- _YOUR OBJECTIVE_
What is needed is an exact copy of the records, with the images left out.

# # # #

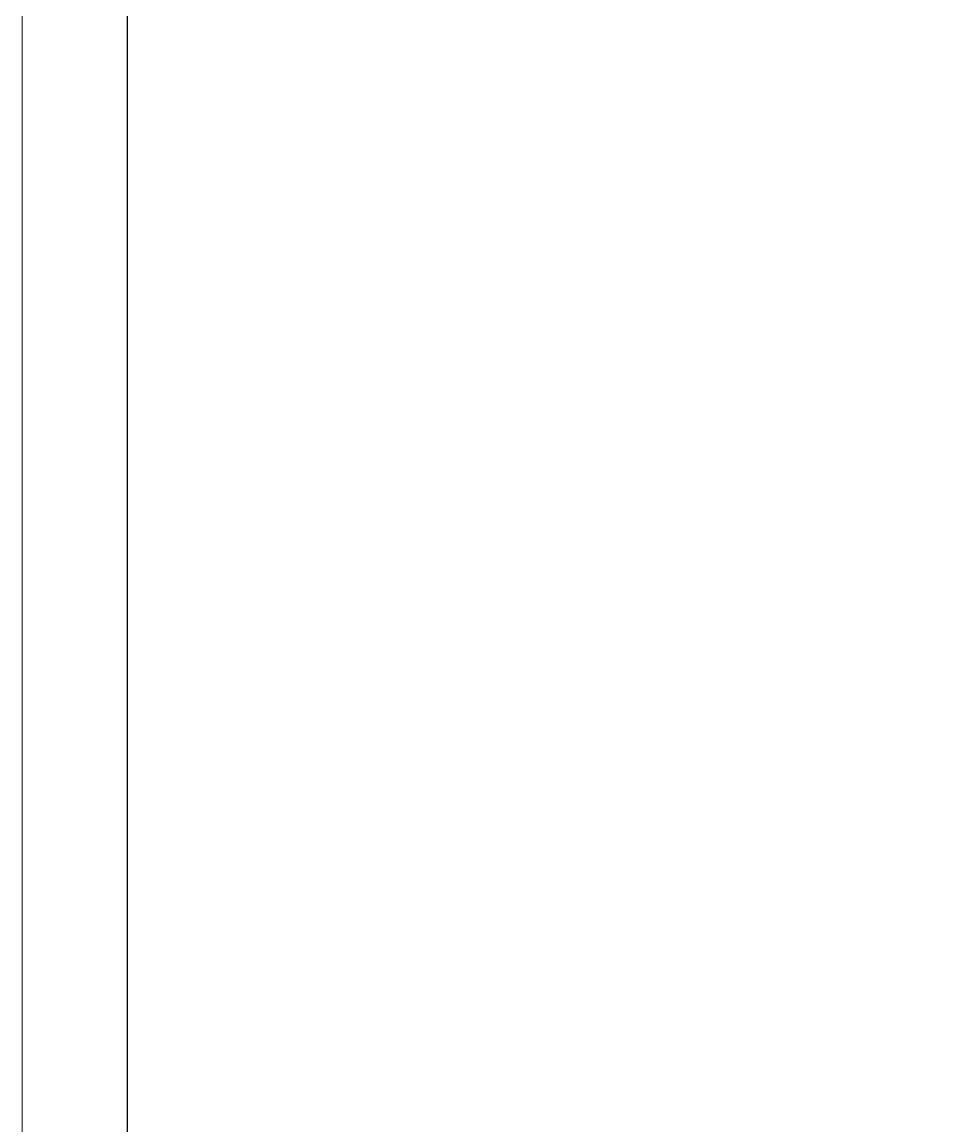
# Model space of a CAD drawing. Header units: millimetres. Extents: x -108 to 351, y -17 to 192.
# Drawn here: x -12.96 to 1.34, y 85.09 to 102.2 of the extents above; entities that cross this region are included whole.
import ezdxf
from ezdxf.enums import TextEntityAlignment as Align

# ---------------------------------------------------------------- set-up
doc = ezdxf.new("R2010")
doc.units = ezdxf.units.MM
doc.layers.add('KOP', color=7, linetype='Continuous', lineweight=20)
doc.layers.add('KOP GARIS', color=1, linetype='Continuous', lineweight=30)
doc.styles.get("Standard").update_dxf_attribs({"font": 'arial.ttf'})

# ---------------------------------------------------------------- blocks, each defined once
blk = doc.blocks.new('KOPA2-TPAK r')
at = {"layer": 'KOP'}
blk.add_lwpolyline([(0, 0), (59.4, 0), (59.4, 42.135), (0, 42.135)], close=True, dxfattribs=at)
at = {"layer": 'KOP GARIS'}
blk.add_lwpolyline([(0.8148, 0.8148), (58.5852, 0.8148), (58.5852, 41.3202), (0.8148, 41.3202)], close=True, dxfattribs=at)
at = {"layer": 'KOP'}
for p in [(51.8642, 6.6116), (51.8642, 6.2116), (51.8642, 5.8116)]:
    blk.add_attdef('JUDUL', p, '', height=0.25, dxfattribs=at)
for tag, p in [('SKALA', (51.8156, 4.9133)), ('SKALA', (51.8156, 4.6019)), ('SKALA', (51.8156, 4.3123)), ('AR-00', (57.7488, 3.1954))]:
    blk.add_attdef(tag, text='', height=0.1716, dxfattribs=at).set_placement(p, align=Align.MIDDLE_CENTER)

msp = doc.modelspace()

# ---------------------------------------------------------------- block references
at = {"layer": 'KOP', "xscale": 2, "yscale": 2, "zscale": 2}
msp.add_blockref('KOPA2-TPAK r', (-12.96042, 71.30529), dxfattribs=at)

doc.saveas('drawing.dxf')
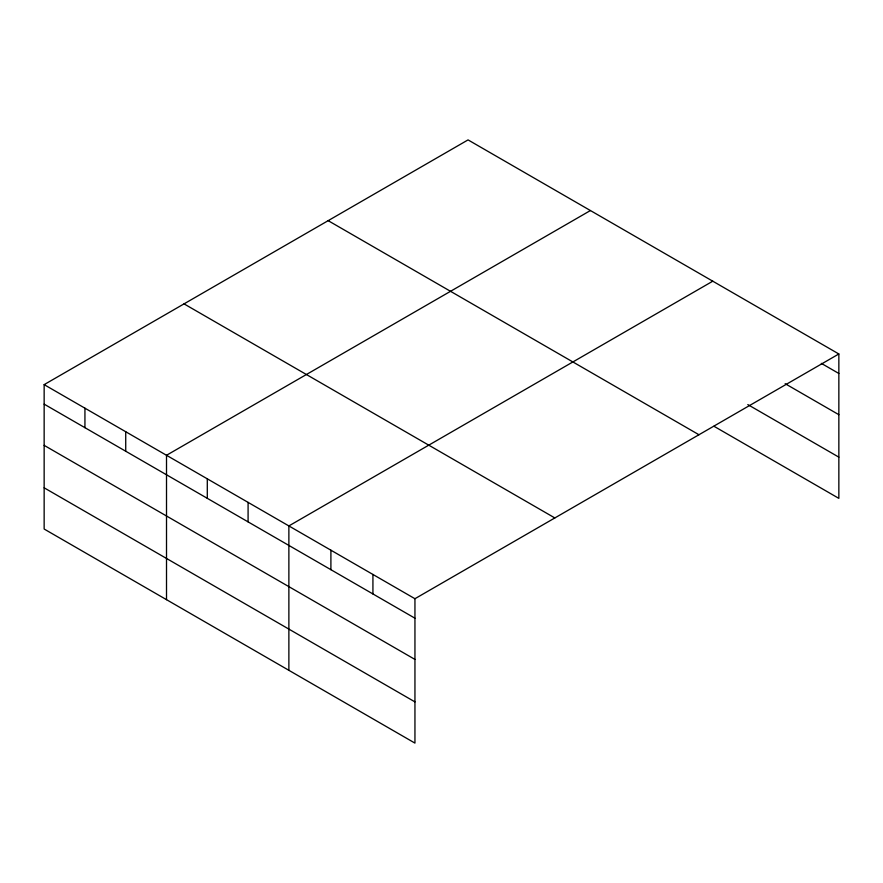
<?xml version="1.0" encoding="UTF-8"?>
<svg xmlns="http://www.w3.org/2000/svg" width="883" height="883" viewBox="0 0 883 883"><rect width="100%" height="100%" fill="white"/><g stroke="black" fill="none" stroke-linecap="round" stroke-linejoin="round"><path stroke-width="1.32" d="M838.85 353.973L468.056 139.9L44.15 384.635L44.15 529.027L414.944 743.1L414.944 598.718L838.85 353.973L838.85 498.365L713.95 426.246M590.418 210.54L166.512 455.286L166.512 599.667M712.78 281.191L288.873 525.926L288.873 670.318M821.345 363.366L838.85 373.476M785.153 383.686L838.85 414.69M747.802 404.58L838.85 457.151M328.167 220.662L698.961 434.745M184.039 303.873L554.833 517.946M44.15 384.635L414.944 598.718M44.15 404.138L414.944 618.21M44.15 445.352L414.944 659.424M44.15 487.813L414.944 701.886M372.924 574.458L372.924 593.95M330.904 550.186L330.904 569.69M248.09 502.383L248.09 521.875M207.295 478.829L207.295 498.332M125.728 431.732L125.728 451.235M84.934 408.189L84.934 427.681"/></g></svg>

# # # #

- _WRITTEN ANSWER_
# Model space of a CAD drawing. Header units: millimetres. Extents: x -108 to 351, y -17 to 192.
# Drawn here: x -12.96 to 1.34, y 85.09 to 102.2 of the extents above; entities that cross this region are included whole.
import ezdxf
from ezdxf.enums import TextEntityAlignment as Align

# ---------------------------------------------------------------- set-up
doc = ezdxf.new("R2010")
doc.units = ezdxf.units.MM
doc.layers.add('KOP', color=7, linetype='Continuous', lineweight=20)
doc.layers.add('KOP GARIS', color=1, linetype='Continuous', lineweight=30)
doc.styles.get("Standard").update_dxf_attribs({"font": 'arial.ttf'})

# ---------------------------------------------------------------- blocks, each defined once
blk = doc.blocks.new('KOPA2-TPAK r')
at = {"layer": 'KOP'}
blk.add_lwpolyline([(0, 0), (59.4, 0), (59.4, 42.135), (0, 42.135)], close=True, dxfattribs=at)
at = {"layer": 'KOP GARIS'}
blk.add_lwpolyline([(0.8148, 0.8148), (58.5852, 0.8148), (58.5852, 41.3202), (0.8148, 41.3202)], close=True, dxfattribs=at)
at = {"layer": 'KOP'}
for p in [(51.8642, 6.6116), (51.8642, 6.2116), (51.8642, 5.8116)]:
    blk.add_attdef('JUDUL', p, '', height=0.25, dxfattribs=at)
for tag, p in [('SKALA', (51.8156, 4.9133)), ('SKALA', (51.8156, 4.6019)), ('SKALA', (51.8156, 4.3123)), ('AR-00', (57.7488, 3.1954))]:
    blk.add_attdef(tag, text='', height=0.1716, dxfattribs=at).set_placement(p, align=Align.MIDDLE_CENTER)

msp = doc.modelspace()

# ---------------------------------------------------------------- block references
at = {"layer": 'KOP', "xscale": 2, "yscale": 2, "zscale": 2}
msp.add_blockref('KOPA2-TPAK r', (-12.96042, 71.30529), dxfattribs=at)

doc.saveas('drawing.dxf')
<?xml version="1.0" encoding="UTF-8"?>
<svg xmlns="http://www.w3.org/2000/svg" width="883" height="883" viewBox="0 0 883 883"><rect width="100%" height="100%" fill="white"/><g stroke="black" fill="none" stroke-linecap="round" stroke-linejoin="round"><path stroke-width="1.32" d="M838.85 353.973L468.056 139.9L44.15 384.635L44.15 529.027L414.944 743.1L414.944 598.718L838.85 353.973L838.85 498.365L713.95 426.246M590.418 210.54L166.512 455.286L166.512 599.667M712.78 281.191L288.873 525.926L288.873 670.318M821.345 363.366L838.85 373.476M785.153 383.686L838.85 414.69M747.802 404.58L838.85 457.151M328.167 220.662L698.961 434.745M184.039 303.873L554.833 517.946M44.15 384.635L414.944 598.718M44.15 404.138L414.944 618.21M44.15 445.352L414.944 659.424M44.15 487.813L414.944 701.886M372.924 574.458L372.924 593.95M330.904 550.186L330.904 569.69M248.09 502.383L248.09 521.875M207.295 478.829L207.295 498.332M125.728 431.732L125.728 451.235M84.934 408.189L84.934 427.681"/></g></svg>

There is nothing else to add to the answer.